→ **EXERCISE INSTRUCTIONS**
Every line from the top of the records below through the one containing "Author: Timo" must be copied exactly, and the pictures must not be.

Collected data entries
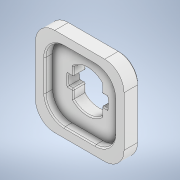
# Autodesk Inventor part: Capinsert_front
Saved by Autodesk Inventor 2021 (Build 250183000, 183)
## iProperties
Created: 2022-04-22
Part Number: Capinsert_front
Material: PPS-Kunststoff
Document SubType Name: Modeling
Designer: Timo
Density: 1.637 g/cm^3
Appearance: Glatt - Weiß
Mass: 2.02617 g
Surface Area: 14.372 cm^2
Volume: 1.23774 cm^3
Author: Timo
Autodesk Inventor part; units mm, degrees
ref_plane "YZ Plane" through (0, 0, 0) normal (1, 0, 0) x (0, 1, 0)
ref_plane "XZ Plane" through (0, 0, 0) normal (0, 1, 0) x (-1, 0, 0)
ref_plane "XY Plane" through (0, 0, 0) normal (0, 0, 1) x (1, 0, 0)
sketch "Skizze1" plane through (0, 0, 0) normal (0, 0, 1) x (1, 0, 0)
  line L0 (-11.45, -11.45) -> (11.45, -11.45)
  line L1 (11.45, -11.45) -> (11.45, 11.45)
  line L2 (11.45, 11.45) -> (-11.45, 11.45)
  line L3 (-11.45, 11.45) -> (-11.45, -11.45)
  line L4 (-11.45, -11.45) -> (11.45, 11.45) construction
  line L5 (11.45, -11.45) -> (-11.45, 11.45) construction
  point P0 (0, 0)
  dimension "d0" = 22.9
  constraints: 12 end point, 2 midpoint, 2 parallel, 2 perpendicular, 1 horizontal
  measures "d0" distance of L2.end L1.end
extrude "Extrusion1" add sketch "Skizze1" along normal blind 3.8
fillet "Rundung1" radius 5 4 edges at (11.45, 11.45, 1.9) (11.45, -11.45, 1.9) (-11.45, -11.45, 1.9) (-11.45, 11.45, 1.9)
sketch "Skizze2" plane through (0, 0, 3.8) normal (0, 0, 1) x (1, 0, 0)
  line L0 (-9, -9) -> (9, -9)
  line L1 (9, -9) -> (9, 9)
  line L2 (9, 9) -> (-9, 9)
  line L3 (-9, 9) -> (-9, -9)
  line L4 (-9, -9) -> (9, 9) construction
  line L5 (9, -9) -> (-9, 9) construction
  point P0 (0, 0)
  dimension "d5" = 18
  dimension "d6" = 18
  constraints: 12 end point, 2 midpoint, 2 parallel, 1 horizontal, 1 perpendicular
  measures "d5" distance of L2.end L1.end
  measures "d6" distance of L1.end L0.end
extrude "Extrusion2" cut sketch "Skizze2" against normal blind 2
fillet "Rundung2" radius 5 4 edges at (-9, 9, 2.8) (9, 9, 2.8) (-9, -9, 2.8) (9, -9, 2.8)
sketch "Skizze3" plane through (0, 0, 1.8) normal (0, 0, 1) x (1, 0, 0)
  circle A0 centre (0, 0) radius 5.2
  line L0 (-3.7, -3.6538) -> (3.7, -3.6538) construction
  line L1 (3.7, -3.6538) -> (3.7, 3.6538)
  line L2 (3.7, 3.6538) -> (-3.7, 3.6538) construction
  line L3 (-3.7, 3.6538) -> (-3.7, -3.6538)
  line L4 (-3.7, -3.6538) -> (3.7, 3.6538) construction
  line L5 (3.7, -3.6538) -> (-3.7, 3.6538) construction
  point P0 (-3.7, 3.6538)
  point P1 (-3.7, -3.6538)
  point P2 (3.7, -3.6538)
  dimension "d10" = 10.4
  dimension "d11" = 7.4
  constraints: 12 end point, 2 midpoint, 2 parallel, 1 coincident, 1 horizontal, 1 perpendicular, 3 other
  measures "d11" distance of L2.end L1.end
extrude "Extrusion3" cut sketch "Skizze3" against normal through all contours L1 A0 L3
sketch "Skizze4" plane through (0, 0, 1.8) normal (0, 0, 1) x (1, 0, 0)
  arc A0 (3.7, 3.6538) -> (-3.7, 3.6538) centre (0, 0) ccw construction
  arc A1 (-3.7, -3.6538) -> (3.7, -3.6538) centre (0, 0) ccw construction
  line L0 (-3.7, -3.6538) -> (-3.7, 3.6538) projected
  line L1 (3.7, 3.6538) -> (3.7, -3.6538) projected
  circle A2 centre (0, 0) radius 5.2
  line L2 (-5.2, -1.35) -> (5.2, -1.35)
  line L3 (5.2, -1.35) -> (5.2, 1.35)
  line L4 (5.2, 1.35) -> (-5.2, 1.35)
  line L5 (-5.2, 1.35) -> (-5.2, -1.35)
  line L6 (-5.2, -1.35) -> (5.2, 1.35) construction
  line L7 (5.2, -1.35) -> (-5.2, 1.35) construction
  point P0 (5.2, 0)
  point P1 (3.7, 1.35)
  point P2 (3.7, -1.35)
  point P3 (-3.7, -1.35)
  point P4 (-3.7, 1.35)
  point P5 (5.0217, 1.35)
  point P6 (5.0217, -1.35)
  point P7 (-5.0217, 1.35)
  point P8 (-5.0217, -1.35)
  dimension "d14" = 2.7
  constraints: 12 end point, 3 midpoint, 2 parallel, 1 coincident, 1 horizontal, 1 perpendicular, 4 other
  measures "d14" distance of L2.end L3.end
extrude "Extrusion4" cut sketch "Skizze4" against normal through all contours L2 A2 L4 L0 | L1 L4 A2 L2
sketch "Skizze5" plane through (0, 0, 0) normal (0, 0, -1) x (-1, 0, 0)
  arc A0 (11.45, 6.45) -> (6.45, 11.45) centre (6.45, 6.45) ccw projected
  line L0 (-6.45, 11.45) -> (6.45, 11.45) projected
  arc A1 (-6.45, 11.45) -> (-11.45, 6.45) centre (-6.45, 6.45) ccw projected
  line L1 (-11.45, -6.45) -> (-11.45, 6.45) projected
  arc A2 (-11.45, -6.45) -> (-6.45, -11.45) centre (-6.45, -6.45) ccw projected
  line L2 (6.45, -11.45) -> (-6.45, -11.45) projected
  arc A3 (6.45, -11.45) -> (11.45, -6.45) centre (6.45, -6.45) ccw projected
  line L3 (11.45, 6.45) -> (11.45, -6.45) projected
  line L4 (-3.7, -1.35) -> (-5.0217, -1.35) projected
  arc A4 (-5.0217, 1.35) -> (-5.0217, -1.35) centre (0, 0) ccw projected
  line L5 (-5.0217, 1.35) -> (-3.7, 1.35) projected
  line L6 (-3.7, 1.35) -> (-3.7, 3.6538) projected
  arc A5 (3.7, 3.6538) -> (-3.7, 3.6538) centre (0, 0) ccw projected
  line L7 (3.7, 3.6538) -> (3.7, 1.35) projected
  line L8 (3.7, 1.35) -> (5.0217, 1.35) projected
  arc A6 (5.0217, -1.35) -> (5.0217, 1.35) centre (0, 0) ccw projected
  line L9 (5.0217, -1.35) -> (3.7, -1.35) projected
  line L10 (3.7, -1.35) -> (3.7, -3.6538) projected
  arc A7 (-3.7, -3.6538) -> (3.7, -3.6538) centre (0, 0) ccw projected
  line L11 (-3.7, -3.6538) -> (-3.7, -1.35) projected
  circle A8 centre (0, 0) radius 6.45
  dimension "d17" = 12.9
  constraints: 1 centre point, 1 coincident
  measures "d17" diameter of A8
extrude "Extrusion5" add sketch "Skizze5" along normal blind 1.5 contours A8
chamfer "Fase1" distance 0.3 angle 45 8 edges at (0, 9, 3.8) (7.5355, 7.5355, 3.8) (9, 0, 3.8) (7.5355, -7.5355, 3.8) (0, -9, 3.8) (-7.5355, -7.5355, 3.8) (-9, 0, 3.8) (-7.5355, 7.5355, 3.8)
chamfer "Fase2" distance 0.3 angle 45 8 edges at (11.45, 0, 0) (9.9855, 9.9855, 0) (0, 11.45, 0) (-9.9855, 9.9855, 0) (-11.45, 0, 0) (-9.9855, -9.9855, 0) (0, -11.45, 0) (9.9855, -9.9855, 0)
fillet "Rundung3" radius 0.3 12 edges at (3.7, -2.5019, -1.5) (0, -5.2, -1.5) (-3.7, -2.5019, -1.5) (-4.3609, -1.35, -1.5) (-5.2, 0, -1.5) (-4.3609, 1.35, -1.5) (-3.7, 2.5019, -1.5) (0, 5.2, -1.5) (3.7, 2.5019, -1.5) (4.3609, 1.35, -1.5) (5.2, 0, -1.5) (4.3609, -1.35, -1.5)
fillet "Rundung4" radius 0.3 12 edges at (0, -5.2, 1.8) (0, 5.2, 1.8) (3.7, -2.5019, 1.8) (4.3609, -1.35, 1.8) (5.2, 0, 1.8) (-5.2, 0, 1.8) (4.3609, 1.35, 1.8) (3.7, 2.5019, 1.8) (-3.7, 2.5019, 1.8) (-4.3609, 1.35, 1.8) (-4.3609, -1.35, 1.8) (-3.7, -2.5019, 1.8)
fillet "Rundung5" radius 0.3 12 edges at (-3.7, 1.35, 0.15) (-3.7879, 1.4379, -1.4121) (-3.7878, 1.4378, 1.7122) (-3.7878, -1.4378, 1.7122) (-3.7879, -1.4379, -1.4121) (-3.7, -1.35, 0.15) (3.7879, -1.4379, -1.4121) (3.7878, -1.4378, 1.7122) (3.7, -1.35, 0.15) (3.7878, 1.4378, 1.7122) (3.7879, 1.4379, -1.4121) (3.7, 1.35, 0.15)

→ **RESPONSE**
# Autodesk Inventor part: Capinsert_front
Saved by Autodesk Inventor 2021 (Build 250183000, 183)
## iProperties
Created: 2022-04-22
Part Number: Capinsert_front
Material: PPS-Kunststoff
Document SubType Name: Modeling
Designer: Timo
Density: 1.637 g/cm^3
Appearance: Glatt - Weiß
Mass: 2.02617 g
Surface Area: 14.372 cm^2
Volume: 1.23774 cm^3
Author: Timo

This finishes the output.